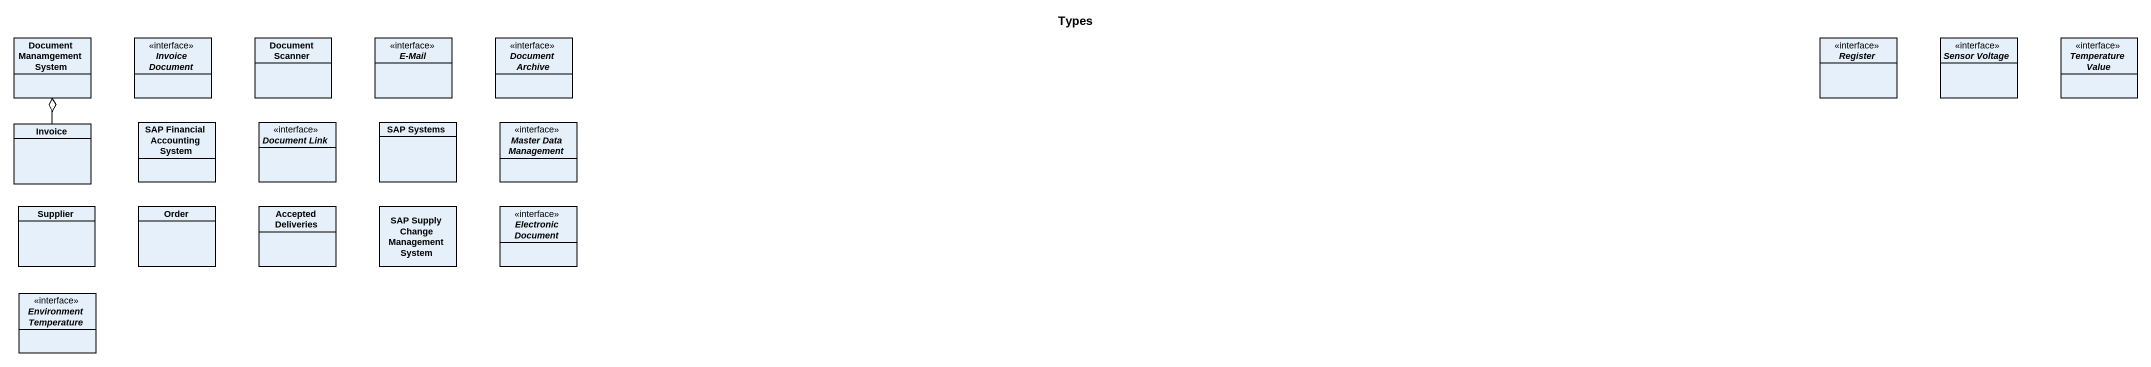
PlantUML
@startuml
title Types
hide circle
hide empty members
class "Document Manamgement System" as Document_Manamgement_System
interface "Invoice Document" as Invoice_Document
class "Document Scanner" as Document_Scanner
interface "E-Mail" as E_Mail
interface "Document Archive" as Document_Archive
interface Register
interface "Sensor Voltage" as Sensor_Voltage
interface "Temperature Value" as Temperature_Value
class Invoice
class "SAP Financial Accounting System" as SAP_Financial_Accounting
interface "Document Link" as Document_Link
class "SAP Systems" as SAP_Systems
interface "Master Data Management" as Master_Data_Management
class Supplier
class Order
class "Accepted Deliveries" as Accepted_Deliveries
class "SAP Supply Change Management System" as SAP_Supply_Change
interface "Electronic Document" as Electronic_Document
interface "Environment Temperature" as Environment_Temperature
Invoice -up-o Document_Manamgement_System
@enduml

▬▬▬▬▬▬

Look above for the line with "title Types" and the line with "class Invoice". Retype those two lines and every line between them exactly, adding nothing.

title Types
hide circle
hide empty members
class "Document Manamgement System" as Document_Manamgement_System
interface "Invoice Document" as Invoice_Document
class "Document Scanner" as Document_Scanner
interface "E-Mail" as E_Mail
interface "Document Archive" as Document_Archive
interface Register
interface "Sensor Voltage" as Sensor_Voltage
interface "Temperature Value" as Temperature_Value
class Invoice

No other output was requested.